Extracted records:
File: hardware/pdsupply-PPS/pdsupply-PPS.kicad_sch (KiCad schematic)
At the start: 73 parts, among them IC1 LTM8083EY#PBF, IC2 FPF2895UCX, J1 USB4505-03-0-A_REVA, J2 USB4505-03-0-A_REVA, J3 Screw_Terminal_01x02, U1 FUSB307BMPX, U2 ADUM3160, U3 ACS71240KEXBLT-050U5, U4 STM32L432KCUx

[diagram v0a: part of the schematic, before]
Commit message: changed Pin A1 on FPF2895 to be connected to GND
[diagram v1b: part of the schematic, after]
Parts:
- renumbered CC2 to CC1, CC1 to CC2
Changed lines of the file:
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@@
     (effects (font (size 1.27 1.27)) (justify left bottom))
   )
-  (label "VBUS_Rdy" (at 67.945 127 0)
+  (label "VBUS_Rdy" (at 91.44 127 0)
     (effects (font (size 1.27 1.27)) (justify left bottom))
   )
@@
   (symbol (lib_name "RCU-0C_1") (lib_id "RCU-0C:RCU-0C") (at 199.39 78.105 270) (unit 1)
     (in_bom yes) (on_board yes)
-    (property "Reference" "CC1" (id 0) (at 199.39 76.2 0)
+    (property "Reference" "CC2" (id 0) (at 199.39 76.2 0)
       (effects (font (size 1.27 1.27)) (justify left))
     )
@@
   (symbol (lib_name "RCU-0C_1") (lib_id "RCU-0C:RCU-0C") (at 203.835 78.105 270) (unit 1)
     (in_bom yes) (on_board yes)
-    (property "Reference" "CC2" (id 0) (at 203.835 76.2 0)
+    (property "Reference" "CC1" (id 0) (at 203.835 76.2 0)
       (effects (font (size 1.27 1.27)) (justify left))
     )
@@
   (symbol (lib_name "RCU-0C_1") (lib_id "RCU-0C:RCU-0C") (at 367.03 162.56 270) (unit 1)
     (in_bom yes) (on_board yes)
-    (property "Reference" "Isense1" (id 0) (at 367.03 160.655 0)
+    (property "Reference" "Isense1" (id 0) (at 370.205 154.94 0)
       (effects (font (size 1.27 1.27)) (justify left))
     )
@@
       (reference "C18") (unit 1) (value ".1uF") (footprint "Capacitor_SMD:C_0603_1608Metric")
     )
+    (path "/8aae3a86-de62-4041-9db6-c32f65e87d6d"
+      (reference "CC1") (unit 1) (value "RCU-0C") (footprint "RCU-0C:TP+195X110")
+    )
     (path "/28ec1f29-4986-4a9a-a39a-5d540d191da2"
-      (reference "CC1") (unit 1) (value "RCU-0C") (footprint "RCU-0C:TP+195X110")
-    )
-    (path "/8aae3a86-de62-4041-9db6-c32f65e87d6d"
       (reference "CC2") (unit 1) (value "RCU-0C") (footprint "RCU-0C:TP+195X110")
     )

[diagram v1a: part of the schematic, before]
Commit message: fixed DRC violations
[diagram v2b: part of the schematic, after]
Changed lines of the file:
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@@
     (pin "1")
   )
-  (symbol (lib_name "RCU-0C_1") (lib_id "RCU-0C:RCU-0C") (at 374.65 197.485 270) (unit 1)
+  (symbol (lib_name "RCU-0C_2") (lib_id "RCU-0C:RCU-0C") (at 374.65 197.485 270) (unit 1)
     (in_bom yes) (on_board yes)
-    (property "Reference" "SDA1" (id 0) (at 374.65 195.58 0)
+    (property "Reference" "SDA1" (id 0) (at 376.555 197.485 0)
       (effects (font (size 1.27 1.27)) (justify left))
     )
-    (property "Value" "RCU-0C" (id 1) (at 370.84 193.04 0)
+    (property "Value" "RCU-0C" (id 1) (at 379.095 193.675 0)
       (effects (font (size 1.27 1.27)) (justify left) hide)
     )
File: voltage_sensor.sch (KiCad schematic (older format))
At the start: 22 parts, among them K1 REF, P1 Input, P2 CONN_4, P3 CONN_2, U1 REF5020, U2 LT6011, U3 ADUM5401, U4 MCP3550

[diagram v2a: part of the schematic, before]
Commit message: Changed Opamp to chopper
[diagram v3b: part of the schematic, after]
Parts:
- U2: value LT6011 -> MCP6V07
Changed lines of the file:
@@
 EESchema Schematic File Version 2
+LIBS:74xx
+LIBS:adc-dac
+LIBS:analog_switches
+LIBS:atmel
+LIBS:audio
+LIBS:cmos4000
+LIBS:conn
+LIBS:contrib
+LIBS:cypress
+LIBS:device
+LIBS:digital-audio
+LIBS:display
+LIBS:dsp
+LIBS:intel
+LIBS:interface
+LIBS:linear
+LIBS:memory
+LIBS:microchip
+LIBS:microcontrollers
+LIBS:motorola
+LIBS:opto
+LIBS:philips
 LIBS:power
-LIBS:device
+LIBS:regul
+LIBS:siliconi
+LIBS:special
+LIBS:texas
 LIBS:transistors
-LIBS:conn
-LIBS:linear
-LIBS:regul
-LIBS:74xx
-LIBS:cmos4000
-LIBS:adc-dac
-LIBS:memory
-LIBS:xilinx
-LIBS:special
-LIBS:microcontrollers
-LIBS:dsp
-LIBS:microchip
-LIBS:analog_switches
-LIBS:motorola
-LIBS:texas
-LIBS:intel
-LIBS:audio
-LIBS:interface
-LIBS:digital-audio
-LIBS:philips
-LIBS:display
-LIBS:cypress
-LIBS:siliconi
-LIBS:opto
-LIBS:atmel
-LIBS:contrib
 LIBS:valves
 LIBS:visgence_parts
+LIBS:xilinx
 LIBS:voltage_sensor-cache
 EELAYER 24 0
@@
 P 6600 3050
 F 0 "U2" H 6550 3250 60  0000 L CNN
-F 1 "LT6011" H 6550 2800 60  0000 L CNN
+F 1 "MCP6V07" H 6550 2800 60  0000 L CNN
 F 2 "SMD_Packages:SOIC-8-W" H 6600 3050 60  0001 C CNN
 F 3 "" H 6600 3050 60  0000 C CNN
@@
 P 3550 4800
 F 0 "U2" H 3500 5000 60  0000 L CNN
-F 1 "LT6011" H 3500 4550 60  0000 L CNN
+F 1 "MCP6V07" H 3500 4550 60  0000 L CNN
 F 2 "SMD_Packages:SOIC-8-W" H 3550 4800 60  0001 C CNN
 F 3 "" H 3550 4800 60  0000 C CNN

Problem: Every line must be copied exactly as it stands above.

Solution for this task:
File: hardware/pdsupply-PPS/pdsupply-PPS.kicad_sch (KiCad schematic)
At the start: 73 parts, among them IC1 LTM8083EY#PBF, IC2 FPF2895UCX, J1 USB4505-03-0-A_REVA, J2 USB4505-03-0-A_REVA, J3 Screw_Terminal_01x02, U1 FUSB307BMPX, U2 ADUM3160, U3 ACS71240KEXBLT-050U5, U4 STM32L432KCUx

[diagram v0a: part of the schematic, before]
Commit message: changed Pin A1 on FPF2895 to be connected to GND
[diagram v1b: part of the schematic, after]
Parts:
- renumbered CC2 to CC1, CC1 to CC2
Changed lines of the file:
@@
     (effects (font (size 1.27 1.27)) (justify left bottom))
   )
-  (label "VBUS_Rdy" (at 67.945 127 0)
+  (label "VBUS_Rdy" (at 91.44 127 0)
     (effects (font (size 1.27 1.27)) (justify left bottom))
   )
@@
   (symbol (lib_name "RCU-0C_1") (lib_id "RCU-0C:RCU-0C") (at 199.39 78.105 270) (unit 1)
     (in_bom yes) (on_board yes)
-    (property "Reference" "CC1" (id 0) (at 199.39 76.2 0)
+    (property "Reference" "CC2" (id 0) (at 199.39 76.2 0)
       (effects (font (size 1.27 1.27)) (justify left))
     )
@@
   (symbol (lib_name "RCU-0C_1") (lib_id "RCU-0C:RCU-0C") (at 203.835 78.105 270) (unit 1)
     (in_bom yes) (on_board yes)
-    (property "Reference" "CC2" (id 0) (at 203.835 76.2 0)
+    (property "Reference" "CC1" (id 0) (at 203.835 76.2 0)
       (effects (font (size 1.27 1.27)) (justify left))
     )
@@
   (symbol (lib_name "RCU-0C_1") (lib_id "RCU-0C:RCU-0C") (at 367.03 162.56 270) (unit 1)
     (in_bom yes) (on_board yes)
-    (property "Reference" "Isense1" (id 0) (at 367.03 160.655 0)
+    (property "Reference" "Isense1" (id 0) (at 370.205 154.94 0)
       (effects (font (size 1.27 1.27)) (justify left))
     )
@@
       (reference "C18") (unit 1) (value ".1uF") (footprint "Capacitor_SMD:C_0603_1608Metric")
     )
+    (path "/8aae3a86-de62-4041-9db6-c32f65e87d6d"
+      (reference "CC1") (unit 1) (value "RCU-0C") (footprint "RCU-0C:TP+195X110")
+    )
     (path "/28ec1f29-4986-4a9a-a39a-5d540d191da2"
-      (reference "CC1") (unit 1) (value "RCU-0C") (footprint "RCU-0C:TP+195X110")
-    )
-    (path "/8aae3a86-de62-4041-9db6-c32f65e87d6d"
       (reference "CC2") (unit 1) (value "RCU-0C") (footprint "RCU-0C:TP+195X110")
     )

[diagram v1a: part of the schematic, before]
Commit message: fixed DRC violations
[diagram v2b: part of the schematic, after]
Changed lines of the file:
@@
     (pin "1")
   )
-  (symbol (lib_name "RCU-0C_1") (lib_id "RCU-0C:RCU-0C") (at 374.65 197.485 270) (unit 1)
+  (symbol (lib_name "RCU-0C_2") (lib_id "RCU-0C:RCU-0C") (at 374.65 197.485 270) (unit 1)
     (in_bom yes) (on_board yes)
-    (property "Reference" "SDA1" (id 0) (at 374.65 195.58 0)
+    (property "Reference" "SDA1" (id 0) (at 376.555 197.485 0)
       (effects (font (size 1.27 1.27)) (justify left))
     )
-    (property "Value" "RCU-0C" (id 1) (at 370.84 193.04 0)
+    (property "Value" "RCU-0C" (id 1) (at 379.095 193.675 0)
       (effects (font (size 1.27 1.27)) (justify left) hide)
     )
File: voltage_sensor.sch (KiCad schematic (older format))
At the start: 22 parts, among them K1 REF, P1 Input, P2 CONN_4, P3 CONN_2, U1 REF5020, U2 LT6011, U3 ADUM5401, U4 MCP3550

[diagram v2a: part of the schematic, before]
Commit message: Changed Opamp to chopper
[diagram v3b: part of the schematic, after]
Parts:
- U2: value LT6011 -> MCP6V07
Changed lines of the file:
@@
 EESchema Schematic File Version 2
+LIBS:74xx
+LIBS:adc-dac
+LIBS:analog_switches
+LIBS:atmel
+LIBS:audio
+LIBS:cmos4000
+LIBS:conn
+LIBS:contrib
+LIBS:cypress
+LIBS:device
+LIBS:digital-audio
+LIBS:display
+LIBS:dsp
+LIBS:intel
+LIBS:interface
+LIBS:linear
+LIBS:memory
+LIBS:microchip
+LIBS:microcontrollers
+LIBS:motorola
+LIBS:opto
+LIBS:philips
 LIBS:power
-LIBS:device
+LIBS:regul
+LIBS:siliconi
+LIBS:special
+LIBS:texas
 LIBS:transistors
-LIBS:conn
-LIBS:linear
-LIBS:regul
-LIBS:74xx
-LIBS:cmos4000
-LIBS:adc-dac
-LIBS:memory
-LIBS:xilinx
-LIBS:special
-LIBS:microcontrollers
-LIBS:dsp
-LIBS:microchip
-LIBS:analog_switches
-LIBS:motorola
-LIBS:texas
-LIBS:intel
-LIBS:audio
-LIBS:interface
-LIBS:digital-audio
-LIBS:philips
-LIBS:display
-LIBS:cypress
-LIBS:siliconi
-LIBS:opto
-LIBS:atmel
-LIBS:contrib
 LIBS:valves
 LIBS:visgence_parts
+LIBS:xilinx
 LIBS:voltage_sensor-cache
 EELAYER 24 0
@@
 P 6600 3050
 F 0 "U2" H 6550 3250 60  0000 L CNN
-F 1 "LT6011" H 6550 2800 60  0000 L CNN
+F 1 "MCP6V07" H 6550 2800 60  0000 L CNN
 F 2 "SMD_Packages:SOIC-8-W" H 6600 3050 60  0001 C CNN
 F 3 "" H 6600 3050 60  0000 C CNN
@@
 P 3550 4800
 F 0 "U2" H 3500 5000 60  0000 L CNN
-F 1 "LT6011" H 3500 4550 60  0000 L CNN
+F 1 "MCP6V07" H 3500 4550 60  0000 L CNN
 F 2 "SMD_Packages:SOIC-8-W" H 3550 4800 60  0001 C CNN
 F 3 "" H 3550 4800 60  0000 C CNN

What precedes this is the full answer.